Items listed in a dataset
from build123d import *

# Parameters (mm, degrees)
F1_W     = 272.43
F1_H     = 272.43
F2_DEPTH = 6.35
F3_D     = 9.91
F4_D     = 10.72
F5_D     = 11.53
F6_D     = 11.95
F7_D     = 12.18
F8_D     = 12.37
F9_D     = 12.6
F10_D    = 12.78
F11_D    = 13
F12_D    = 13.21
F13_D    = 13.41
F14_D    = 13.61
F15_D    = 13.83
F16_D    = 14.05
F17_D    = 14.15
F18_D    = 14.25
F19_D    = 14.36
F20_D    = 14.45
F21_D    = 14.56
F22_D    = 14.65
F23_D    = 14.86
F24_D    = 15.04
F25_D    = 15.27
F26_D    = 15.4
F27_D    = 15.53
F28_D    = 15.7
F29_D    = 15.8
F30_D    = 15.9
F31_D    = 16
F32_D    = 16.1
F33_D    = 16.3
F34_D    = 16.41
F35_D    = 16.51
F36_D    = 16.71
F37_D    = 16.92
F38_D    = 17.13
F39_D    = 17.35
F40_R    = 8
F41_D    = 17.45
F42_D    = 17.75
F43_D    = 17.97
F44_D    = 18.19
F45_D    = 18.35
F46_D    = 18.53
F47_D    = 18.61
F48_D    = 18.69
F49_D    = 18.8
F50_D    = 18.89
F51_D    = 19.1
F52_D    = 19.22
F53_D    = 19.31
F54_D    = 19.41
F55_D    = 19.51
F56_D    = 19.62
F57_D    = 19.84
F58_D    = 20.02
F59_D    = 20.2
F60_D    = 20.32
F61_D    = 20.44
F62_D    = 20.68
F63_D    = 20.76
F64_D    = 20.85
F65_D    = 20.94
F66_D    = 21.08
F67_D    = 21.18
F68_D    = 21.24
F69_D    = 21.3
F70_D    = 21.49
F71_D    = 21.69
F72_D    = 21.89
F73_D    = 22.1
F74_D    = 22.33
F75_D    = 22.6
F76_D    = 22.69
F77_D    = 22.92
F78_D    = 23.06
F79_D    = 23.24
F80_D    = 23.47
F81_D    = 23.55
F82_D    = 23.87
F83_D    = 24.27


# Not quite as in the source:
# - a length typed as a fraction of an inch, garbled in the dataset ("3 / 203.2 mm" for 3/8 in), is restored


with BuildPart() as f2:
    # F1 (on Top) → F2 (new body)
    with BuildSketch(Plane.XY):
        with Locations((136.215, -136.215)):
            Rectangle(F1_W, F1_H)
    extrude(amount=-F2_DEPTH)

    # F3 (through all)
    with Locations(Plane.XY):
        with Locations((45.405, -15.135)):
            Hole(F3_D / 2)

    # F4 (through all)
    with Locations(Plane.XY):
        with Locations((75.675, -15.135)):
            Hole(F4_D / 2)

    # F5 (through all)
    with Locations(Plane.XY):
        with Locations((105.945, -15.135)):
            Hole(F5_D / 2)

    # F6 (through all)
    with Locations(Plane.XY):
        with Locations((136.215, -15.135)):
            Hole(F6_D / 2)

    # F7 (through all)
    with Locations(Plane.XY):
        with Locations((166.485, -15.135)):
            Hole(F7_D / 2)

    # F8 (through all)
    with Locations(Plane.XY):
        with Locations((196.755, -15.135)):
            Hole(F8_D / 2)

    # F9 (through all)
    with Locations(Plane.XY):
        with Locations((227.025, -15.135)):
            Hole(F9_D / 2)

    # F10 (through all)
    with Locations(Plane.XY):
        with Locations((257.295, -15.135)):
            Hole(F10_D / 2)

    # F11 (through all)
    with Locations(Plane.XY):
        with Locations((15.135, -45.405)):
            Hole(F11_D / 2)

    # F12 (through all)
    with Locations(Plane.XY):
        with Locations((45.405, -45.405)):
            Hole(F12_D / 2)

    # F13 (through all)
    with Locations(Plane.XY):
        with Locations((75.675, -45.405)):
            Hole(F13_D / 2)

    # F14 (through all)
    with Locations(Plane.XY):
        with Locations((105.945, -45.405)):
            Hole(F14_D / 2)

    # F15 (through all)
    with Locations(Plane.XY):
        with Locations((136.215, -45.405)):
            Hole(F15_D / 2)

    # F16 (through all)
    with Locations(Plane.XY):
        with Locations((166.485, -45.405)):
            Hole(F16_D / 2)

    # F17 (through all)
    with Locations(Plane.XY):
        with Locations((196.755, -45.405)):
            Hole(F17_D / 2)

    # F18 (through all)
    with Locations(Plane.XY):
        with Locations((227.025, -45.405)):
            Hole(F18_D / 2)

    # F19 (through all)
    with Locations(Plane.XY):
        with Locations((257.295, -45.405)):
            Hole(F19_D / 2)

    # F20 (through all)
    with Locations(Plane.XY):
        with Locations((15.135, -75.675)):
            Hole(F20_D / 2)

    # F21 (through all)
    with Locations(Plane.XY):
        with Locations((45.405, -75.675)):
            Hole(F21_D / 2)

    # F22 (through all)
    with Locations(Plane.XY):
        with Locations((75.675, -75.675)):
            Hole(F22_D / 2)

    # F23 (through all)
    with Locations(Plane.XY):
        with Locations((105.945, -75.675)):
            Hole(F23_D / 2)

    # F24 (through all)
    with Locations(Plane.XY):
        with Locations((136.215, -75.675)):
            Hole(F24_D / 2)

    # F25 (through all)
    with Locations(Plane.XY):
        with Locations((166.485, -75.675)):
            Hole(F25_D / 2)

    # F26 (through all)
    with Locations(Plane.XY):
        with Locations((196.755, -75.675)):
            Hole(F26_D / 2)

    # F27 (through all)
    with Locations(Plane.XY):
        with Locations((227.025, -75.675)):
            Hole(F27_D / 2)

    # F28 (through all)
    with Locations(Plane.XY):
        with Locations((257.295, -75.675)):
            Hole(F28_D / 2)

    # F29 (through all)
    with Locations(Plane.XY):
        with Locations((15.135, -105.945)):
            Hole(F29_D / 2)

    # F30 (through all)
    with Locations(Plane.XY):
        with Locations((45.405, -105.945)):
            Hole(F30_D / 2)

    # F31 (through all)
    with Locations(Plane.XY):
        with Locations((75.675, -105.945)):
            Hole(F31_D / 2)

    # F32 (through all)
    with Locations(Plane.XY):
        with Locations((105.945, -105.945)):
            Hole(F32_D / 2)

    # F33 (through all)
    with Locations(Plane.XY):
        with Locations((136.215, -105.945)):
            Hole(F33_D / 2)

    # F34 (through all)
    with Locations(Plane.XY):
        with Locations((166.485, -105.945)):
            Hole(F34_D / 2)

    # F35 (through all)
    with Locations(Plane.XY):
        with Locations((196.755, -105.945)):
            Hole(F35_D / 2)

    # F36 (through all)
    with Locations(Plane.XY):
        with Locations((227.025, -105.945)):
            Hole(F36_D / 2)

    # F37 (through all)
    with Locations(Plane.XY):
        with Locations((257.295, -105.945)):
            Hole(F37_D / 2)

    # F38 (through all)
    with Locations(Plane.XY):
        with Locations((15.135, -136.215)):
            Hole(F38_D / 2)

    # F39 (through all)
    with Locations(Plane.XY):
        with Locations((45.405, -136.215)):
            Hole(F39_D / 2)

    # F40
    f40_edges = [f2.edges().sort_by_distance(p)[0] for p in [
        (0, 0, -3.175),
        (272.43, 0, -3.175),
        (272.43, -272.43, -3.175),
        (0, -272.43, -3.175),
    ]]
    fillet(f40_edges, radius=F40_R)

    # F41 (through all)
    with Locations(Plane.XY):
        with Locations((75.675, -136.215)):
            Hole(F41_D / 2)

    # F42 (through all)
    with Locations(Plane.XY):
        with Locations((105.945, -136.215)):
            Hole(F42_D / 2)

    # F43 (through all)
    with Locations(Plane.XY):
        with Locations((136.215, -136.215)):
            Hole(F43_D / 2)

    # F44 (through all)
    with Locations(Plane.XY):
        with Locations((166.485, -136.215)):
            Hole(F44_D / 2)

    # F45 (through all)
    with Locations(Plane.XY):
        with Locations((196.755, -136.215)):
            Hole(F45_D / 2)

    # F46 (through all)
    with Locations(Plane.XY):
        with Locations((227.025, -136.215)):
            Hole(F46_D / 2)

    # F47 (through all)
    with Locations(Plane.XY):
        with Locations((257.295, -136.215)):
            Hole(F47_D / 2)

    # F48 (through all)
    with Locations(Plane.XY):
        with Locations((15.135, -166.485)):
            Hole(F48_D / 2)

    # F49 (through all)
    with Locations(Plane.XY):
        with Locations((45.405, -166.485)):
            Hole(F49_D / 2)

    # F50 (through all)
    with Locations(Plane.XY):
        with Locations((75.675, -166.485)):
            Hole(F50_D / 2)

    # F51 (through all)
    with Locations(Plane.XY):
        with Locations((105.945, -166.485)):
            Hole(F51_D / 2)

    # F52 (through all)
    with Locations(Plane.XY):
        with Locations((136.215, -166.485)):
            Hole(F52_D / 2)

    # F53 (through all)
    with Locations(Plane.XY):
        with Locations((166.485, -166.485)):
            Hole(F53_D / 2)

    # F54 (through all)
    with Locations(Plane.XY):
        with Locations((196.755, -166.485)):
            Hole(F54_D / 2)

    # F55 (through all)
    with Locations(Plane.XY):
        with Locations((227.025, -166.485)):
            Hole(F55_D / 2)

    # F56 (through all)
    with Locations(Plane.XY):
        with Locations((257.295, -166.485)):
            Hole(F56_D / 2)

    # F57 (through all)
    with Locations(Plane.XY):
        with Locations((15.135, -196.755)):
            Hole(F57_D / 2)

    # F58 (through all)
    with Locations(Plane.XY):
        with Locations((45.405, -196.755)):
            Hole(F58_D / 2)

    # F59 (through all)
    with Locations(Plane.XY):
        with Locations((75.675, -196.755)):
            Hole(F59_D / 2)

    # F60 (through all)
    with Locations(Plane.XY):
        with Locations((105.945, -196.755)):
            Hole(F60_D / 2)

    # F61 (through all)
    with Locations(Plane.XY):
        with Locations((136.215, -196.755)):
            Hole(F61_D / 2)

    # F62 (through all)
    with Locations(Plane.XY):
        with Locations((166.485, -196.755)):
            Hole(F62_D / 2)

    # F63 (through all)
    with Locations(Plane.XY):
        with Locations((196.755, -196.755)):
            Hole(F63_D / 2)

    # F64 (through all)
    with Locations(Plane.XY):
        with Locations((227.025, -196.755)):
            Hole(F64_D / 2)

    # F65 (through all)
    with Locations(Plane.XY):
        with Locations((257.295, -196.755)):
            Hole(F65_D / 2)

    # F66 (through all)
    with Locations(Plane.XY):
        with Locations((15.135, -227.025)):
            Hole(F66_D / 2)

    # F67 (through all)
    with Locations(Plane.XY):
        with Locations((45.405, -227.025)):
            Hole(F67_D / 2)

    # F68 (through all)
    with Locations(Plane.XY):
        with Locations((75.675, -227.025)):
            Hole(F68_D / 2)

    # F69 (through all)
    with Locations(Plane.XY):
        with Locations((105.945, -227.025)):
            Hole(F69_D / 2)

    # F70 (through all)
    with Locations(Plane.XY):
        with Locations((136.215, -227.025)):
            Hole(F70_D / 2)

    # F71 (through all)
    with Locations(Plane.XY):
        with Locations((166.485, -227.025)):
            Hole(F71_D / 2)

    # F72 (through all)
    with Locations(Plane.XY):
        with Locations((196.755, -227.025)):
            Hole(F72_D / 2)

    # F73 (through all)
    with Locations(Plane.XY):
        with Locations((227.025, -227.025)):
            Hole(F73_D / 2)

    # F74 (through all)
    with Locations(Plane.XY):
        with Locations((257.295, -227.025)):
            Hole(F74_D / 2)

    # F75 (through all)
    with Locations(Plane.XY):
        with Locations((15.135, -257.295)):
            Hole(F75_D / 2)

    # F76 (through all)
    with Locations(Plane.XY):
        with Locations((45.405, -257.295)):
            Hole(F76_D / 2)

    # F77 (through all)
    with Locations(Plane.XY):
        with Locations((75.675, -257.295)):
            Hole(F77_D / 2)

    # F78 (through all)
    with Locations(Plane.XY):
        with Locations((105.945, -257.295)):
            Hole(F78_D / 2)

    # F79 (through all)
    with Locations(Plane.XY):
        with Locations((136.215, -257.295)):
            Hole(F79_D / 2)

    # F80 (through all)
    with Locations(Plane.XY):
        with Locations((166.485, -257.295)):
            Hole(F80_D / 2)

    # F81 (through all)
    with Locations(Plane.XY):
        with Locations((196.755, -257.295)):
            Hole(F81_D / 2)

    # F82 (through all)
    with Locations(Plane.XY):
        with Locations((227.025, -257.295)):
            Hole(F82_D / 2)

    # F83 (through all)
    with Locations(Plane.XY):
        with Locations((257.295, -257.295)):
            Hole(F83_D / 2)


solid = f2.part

WHAT YOU WILL DO: From the line that contains "Hole(F78_D / 2)" down to the final line of the entries, print every line exactly as it is, and only those lines.

EXERCISE RESPONSE:
            Hole(F78_D / 2)

    # F79 (through all)
    with Locations(Plane.XY):
        with Locations((136.215, -257.295)):
            Hole(F79_D / 2)

    # F80 (through all)
    with Locations(Plane.XY):
        with Locations((166.485, -257.295)):
            Hole(F80_D / 2)

    # F81 (through all)
    with Locations(Plane.XY):
        with Locations((196.755, -257.295)):
            Hole(F81_D / 2)

    # F82 (through all)
    with Locations(Plane.XY):
        with Locations((227.025, -257.295)):
            Hole(F82_D / 2)

    # F83 (through all)
    with Locations(Plane.XY):
        with Locations((257.295, -257.295)):
            Hole(F83_D / 2)


solid = f2.part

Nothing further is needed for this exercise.